Let’s say dependent variable takes the value of 1 when the pregnancy is natural and zero otherwise. Here is how I would interpret the coefficients in the second regression

Coefficient on Condition 1 is the odds (log odds) that the pregnancy was natural given someone have Condition 1.

Similarly, coefficient on Condition 2 is the odds that the pregnancy was normal given someone have condition 2.

subra
  • 861
  • 1
    I understand your view. In this case I'm interested in inference more than prediction.

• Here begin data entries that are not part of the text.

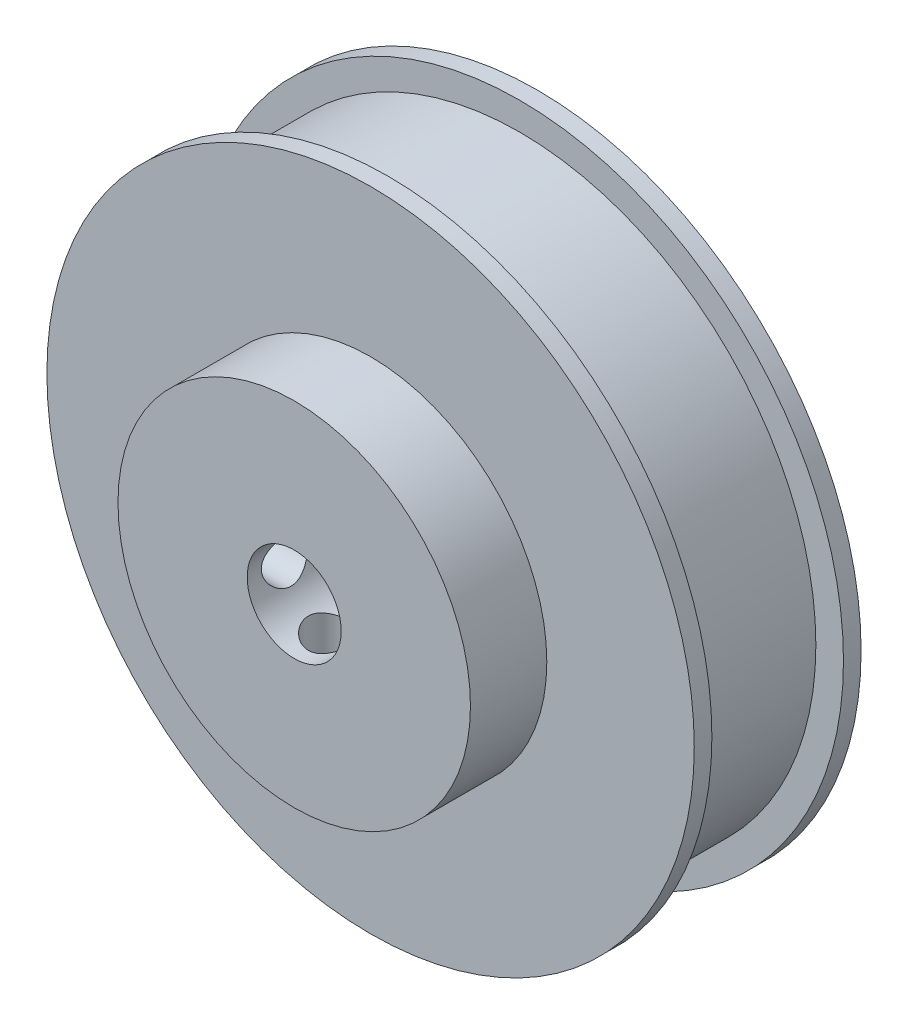
ISO-10303-21;
HEADER;
FILE_DESCRIPTION(('STEP AP214'),'2;1');
FILE_NAME('part.step','',(''),(''),'','','');
FILE_SCHEMA(('AUTOMOTIVE_DESIGN { 1 0 10303 214 1 1 1 1 }'));
ENDSEC;
DATA;
#1=APPLICATION_CONTEXT('core data for automotive mechanical design processes');
#2=APPLICATION_PROTOCOL_DEFINITION('international standard','automotive_design',2000,#1);
#3=PRODUCT_CONTEXT('',#1,'mechanical');
#4=PRODUCT('Part','Part','',(#3));
#5=PRODUCT_RELATED_PRODUCT_CATEGORY('part','',(#4));
#6=PRODUCT_DEFINITION_FORMATION('','',#4);
#7=PRODUCT_DEFINITION_CONTEXT('part definition',#1,'design');
#8=PRODUCT_DEFINITION('design','',#6,#7);
#9=PRODUCT_DEFINITION_SHAPE('','',#8);
#10=(LENGTH_UNIT() NAMED_UNIT(*) SI_UNIT(.MILLI.,.METRE.));
#11=(NAMED_UNIT(*) PLANE_ANGLE_UNIT() SI_UNIT($,.RADIAN.));
#12=(NAMED_UNIT(*) SI_UNIT($,.STERADIAN.) SOLID_ANGLE_UNIT());
#13=UNCERTAINTY_MEASURE_WITH_UNIT(LENGTH_MEASURE(1.E-05),#10,'distance_accuracy_value','');
#14=(GEOMETRIC_REPRESENTATION_CONTEXT(3) GLOBAL_UNCERTAINTY_ASSIGNED_CONTEXT((#13)) GLOBAL_UNIT_ASSIGNED_CONTEXT((#10,
#11,#12)) REPRESENTATION_CONTEXT('',''));
#15=CARTESIAN_POINT('',(0.,0.,0.));
#16=DIRECTION('',(0.,0.,1.));
#17=DIRECTION('',(1.,0.,0.));
#18=AXIS2_PLACEMENT_3D('',#15,#16,#17);
#19=CARTESIAN_POINT('',(0.,0.,14.2));
#20=DIRECTION('',(0.,0.,1.));
#21=DIRECTION('',(1.,0.,0.));
#22=AXIS2_PLACEMENT_3D('',#19,#20,#21);
#23=PLANE('',#22);
#24=CARTESIAN_POINT('',(0.,0.,14.2));
#25=DIRECTION('',(0.,0.,1.));
#26=DIRECTION('',(1.,0.,0.));
#27=AXIS2_PLACEMENT_3D('',#24,#25,#26);
#28=CIRCLE('',#27,27.55);
#29=CARTESIAN_POINT('',(27.55,0.,14.2));
#30=VERTEX_POINT('',#29);
#31=EDGE_CURVE('E144',#30,#30,#28,.T.);
#32=ORIENTED_EDGE('',*,*,#31,.T.);
#33=EDGE_LOOP('',(#32));
#34=FACE_BOUND('',#33,.T.);
#35=CARTESIAN_POINT('',(0.,0.,14.2));
#36=DIRECTION('',(0.,0.,1.));
#37=DIRECTION('',(1.,0.,0.));
#38=AXIS2_PLACEMENT_3D('',#35,#36,#37);
#39=CIRCLE('',#38,15.);
#40=CARTESIAN_POINT('',(15.,0.,14.2));
#41=VERTEX_POINT('',#40);
#42=EDGE_CURVE('E59',#41,#41,#39,.T.);
#43=ORIENTED_EDGE('',*,*,#42,.F.);
#44=EDGE_LOOP('',(#43));
#45=FACE_BOUND('',#44,.T.);
#46=ADVANCED_FACE('F31',(#34,#45),#23,.T.);
#47=CARTESIAN_POINT('',(0.,0.,1.5));
#48=DIRECTION('',(0.,0.,1.));
#49=DIRECTION('',(1.,0.,0.));
#50=AXIS2_PLACEMENT_3D('',#47,#48,#49);
#51=PLANE('',#50);
#52=CARTESIAN_POINT('',(0.,0.,1.5));
#53=DIRECTION('',(0.,0.,1.));
#54=DIRECTION('',(1.,0.,0.));
#55=AXIS2_PLACEMENT_3D('',#52,#53,#54);
#56=CIRCLE('',#55,27.55);
#57=CARTESIAN_POINT('',(27.55,0.,1.5));
#58=VERTEX_POINT('',#57);
#59=EDGE_CURVE('E10',#58,#58,#56,.T.);
#60=ORIENTED_EDGE('',*,*,#59,.T.);
#61=EDGE_LOOP('',(#60));
#62=FACE_BOUND('',#61,.T.);
#63=CARTESIAN_POINT('',(0.,0.,1.5));
#64=DIRECTION('',(0.,0.,1.));
#65=DIRECTION('',(1.,0.,0.));
#66=AXIS2_PLACEMENT_3D('',#63,#64,#65);
#67=CIRCLE('',#66,25.2);
#68=CARTESIAN_POINT('',(25.2,0.,1.5));
#69=VERTEX_POINT('',#68);
#70=EDGE_CURVE('E51',#69,#69,#67,.T.);
#71=ORIENTED_EDGE('',*,*,#70,.F.);
#72=EDGE_LOOP('',(#71));
#73=FACE_BOUND('',#72,.T.);
#74=ADVANCED_FACE('F97',(#62,#73),#51,.T.);
#75=CARTESIAN_POINT('',(0.,0.,1.5));
#76=DIRECTION('',(0.,0.,-1.));
#77=DIRECTION('',(-1.,0.,0.));
#78=AXIS2_PLACEMENT_3D('',#75,#76,#77);
#79=CYLINDRICAL_SURFACE('',#78,27.55);
#80=ORIENTED_EDGE('',*,*,#59,.F.);
#81=EDGE_LOOP('',(#80));
#82=FACE_BOUND('',#81,.T.);
#83=CARTESIAN_POINT('',(0.,0.,0.));
#84=DIRECTION('',(0.,0.,1.));
#85=DIRECTION('',(1.,0.,0.));
#86=AXIS2_PLACEMENT_3D('',#83,#84,#85);
#87=CIRCLE('',#86,27.55);
#88=CARTESIAN_POINT('',(27.55,0.,0.));
#89=VERTEX_POINT('',#88);
#90=EDGE_CURVE('E43',#89,#89,#87,.T.);
#91=ORIENTED_EDGE('',*,*,#90,.T.);
#92=EDGE_LOOP('',(#91));
#93=FACE_BOUND('',#92,.T.);
#94=ADVANCED_FACE('F33',(#82,#93),#79,.T.);
#95=CARTESIAN_POINT('',(0.,0.,0.));
#96=DIRECTION('',(0.,0.,1.));
#97=DIRECTION('',(1.,0.,0.));
#98=AXIS2_PLACEMENT_3D('',#95,#96,#97);
#99=PLANE('',#98);
#100=CARTESIAN_POINT('',(0.,0.,0.));
#101=DIRECTION('',(0.,0.,1.));
#102=DIRECTION('',(1.,0.,0.));
#103=AXIS2_PLACEMENT_3D('',#100,#101,#102);
#104=CIRCLE('',#103,4.);
#105=CARTESIAN_POINT('',(4.,0.,0.));
#106=VERTEX_POINT('',#105);
#107=EDGE_CURVE('E127',#106,#106,#104,.T.);
#108=ORIENTED_EDGE('',*,*,#107,.T.);
#109=EDGE_LOOP('',(#108));
#110=FACE_BOUND('',#109,.T.);
#111=ORIENTED_EDGE('',*,*,#90,.F.);
#112=EDGE_LOOP('',(#111));
#113=FACE_BOUND('',#112,.T.);
#114=ADVANCED_FACE('F116',(#110,#113),#99,.F.);
#115=CARTESIAN_POINT('',(0.,0.,12.7));
#116=DIRECTION('',(0.,0.,-1.));
#117=DIRECTION('',(-1.,0.,0.));
#118=AXIS2_PLACEMENT_3D('',#115,#116,#117);
#119=CYLINDRICAL_SURFACE('',#118,25.2);
#120=CARTESIAN_POINT('',(0.,0.,12.7));
#121=DIRECTION('',(0.,0.,1.));
#122=DIRECTION('',(1.,0.,0.));
#123=AXIS2_PLACEMENT_3D('',#120,#121,#122);
#124=CIRCLE('',#123,25.2);
#125=CARTESIAN_POINT('',(25.2,0.,12.7));
#126=VERTEX_POINT('',#125);
#127=EDGE_CURVE('E48',#126,#126,#124,.T.);
#128=ORIENTED_EDGE('',*,*,#127,.F.);
#129=EDGE_LOOP('',(#128));
#130=FACE_BOUND('',#129,.T.);
#131=ORIENTED_EDGE('',*,*,#70,.T.);
#132=EDGE_LOOP('',(#131));
#133=FACE_BOUND('',#132,.T.);
#134=ADVANCED_FACE('F110',(#130,#133),#119,.T.);
#135=CARTESIAN_POINT('',(0.,0.,12.7));
#136=DIRECTION('',(0.,0.,1.));
#137=DIRECTION('',(1.,0.,0.));
#138=AXIS2_PLACEMENT_3D('',#135,#136,#137);
#139=PLANE('',#138);
#140=CARTESIAN_POINT('',(0.,0.,12.7));
#141=DIRECTION('',(0.,0.,1.));
#142=DIRECTION('',(1.,0.,0.));
#143=AXIS2_PLACEMENT_3D('',#140,#141,#142);
#144=CIRCLE('',#143,27.55);
#145=CARTESIAN_POINT('',(27.55,0.,12.7));
#146=VERTEX_POINT('',#145);
#147=EDGE_CURVE('E142',#146,#146,#144,.T.);
#148=ORIENTED_EDGE('',*,*,#147,.F.);
#149=EDGE_LOOP('',(#148));
#150=FACE_BOUND('',#149,.T.);
#151=ORIENTED_EDGE('',*,*,#127,.T.);
#152=EDGE_LOOP('',(#151));
#153=FACE_BOUND('',#152,.T.);
#154=ADVANCED_FACE('F106',(#150,#153),#139,.F.);
#155=CARTESIAN_POINT('',(0.,0.,14.2));
#156=DIRECTION('',(0.,0.,-1.));
#157=DIRECTION('',(-1.,0.,0.));
#158=AXIS2_PLACEMENT_3D('',#155,#156,#157);
#159=CYLINDRICAL_SURFACE('',#158,27.55);
#160=ORIENTED_EDGE('',*,*,#31,.F.);
#161=EDGE_LOOP('',(#160));
#162=FACE_BOUND('',#161,.T.);
#163=ORIENTED_EDGE('',*,*,#147,.T.);
#164=EDGE_LOOP('',(#163));
#165=FACE_BOUND('',#164,.T.);
#166=ADVANCED_FACE('F109',(#162,#165),#159,.T.);
#167=CARTESIAN_POINT('',(0.,0.,20.7));
#168=DIRECTION('',(0.,0.,-1.));
#169=DIRECTION('',(-1.,0.,0.));
#170=AXIS2_PLACEMENT_3D('',#167,#168,#169);
#171=CYLINDRICAL_SURFACE('',#170,15.);
#172=CARTESIAN_POINT('',(-15.,0.,19.5));
#173=CARTESIAN_POINT('',(-14.9999983574254,-0.111808835669284,19.4999952902931));
#174=CARTESIAN_POINT('',(-14.9987367072719,-0.22368597927628,19.4905924620375));
#175=CARTESIAN_POINT('',(-14.993825111269,-0.444322725138079,19.4532336509504));
#176=CARTESIAN_POINT('',(-14.9901727244172,-0.553079022333037,19.4252587051029));
#177=CARTESIAN_POINT('',(-14.9808907984907,-0.764248312626984,19.3515982824586));
#178=CARTESIAN_POINT('',(-14.9752626421097,-0.866665683058493,19.3059251889616));
#179=CARTESIAN_POINT('',(-14.9626538666039,-1.0623638950303,19.1981930861937));
#180=CARTESIAN_POINT('',(-14.9556734655857,-1.15564620633703,19.1361367188335));
#181=CARTESIAN_POINT('',(-14.9410899478996,-1.33102582250468,18.9969867383958));
#182=CARTESIAN_POINT('',(-14.9334835816211,-1.41305798549586,18.9198113549915));
#183=CARTESIAN_POINT('',(-14.9185313755795,-1.56304735673102,18.7527898109233));
#184=CARTESIAN_POINT('',(-14.9111855496234,-1.63100381997221,18.6629429800042));
#185=CARTESIAN_POINT('',(-14.8975543544019,-1.75115902268907,18.472700877055));
#186=CARTESIAN_POINT('',(-14.8912731776576,-1.80329607482578,18.3722663175214));
#187=CARTESIAN_POINT('',(-14.8805258737923,-1.8899384500729,18.1639689327632));
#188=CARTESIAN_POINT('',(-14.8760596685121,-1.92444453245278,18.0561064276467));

Regarding the coefficients I'm troubled by the biologic interpretation of the effect of the various condition on the preg_type given that I treat them as covariates (regression 2) compared with evaluating the effect of preg_type on the odds of every condition separately (regression 2). I'll edit my question. – Bakaburg Sep 01 '15 at 08:57
  • @Bakburg:I get your questions now. One obvious problem with the second regression:

    If your first model is true, then age and BMI will be correlated with condition1, condition 2, etc. This is called multicollinearity. Multicollinearity can increase the variance of the coefficient estimates. Therefore, your estimates will be unstable in your second regression. Because you are interested in inference, the second regression is not going to help.

    – subra Sep 01 '15 at 17:04
  • Uhm, it's not to taken for granted age and other covariates in regressions 1 are always correlated with the various conditions. I put them in the models because they are obvious probable confounders and I have to test them and most of the time the correlation is not significant. Anyway, it's right to test for multicollinearity, therefore I run a variance inflation analysis on regression 2 and verified that the VIF are low. – Bakaburg Sep 02 '15 at 14:38
0

While it is certainly true that regression does not assess causation, I see two problems with your second model.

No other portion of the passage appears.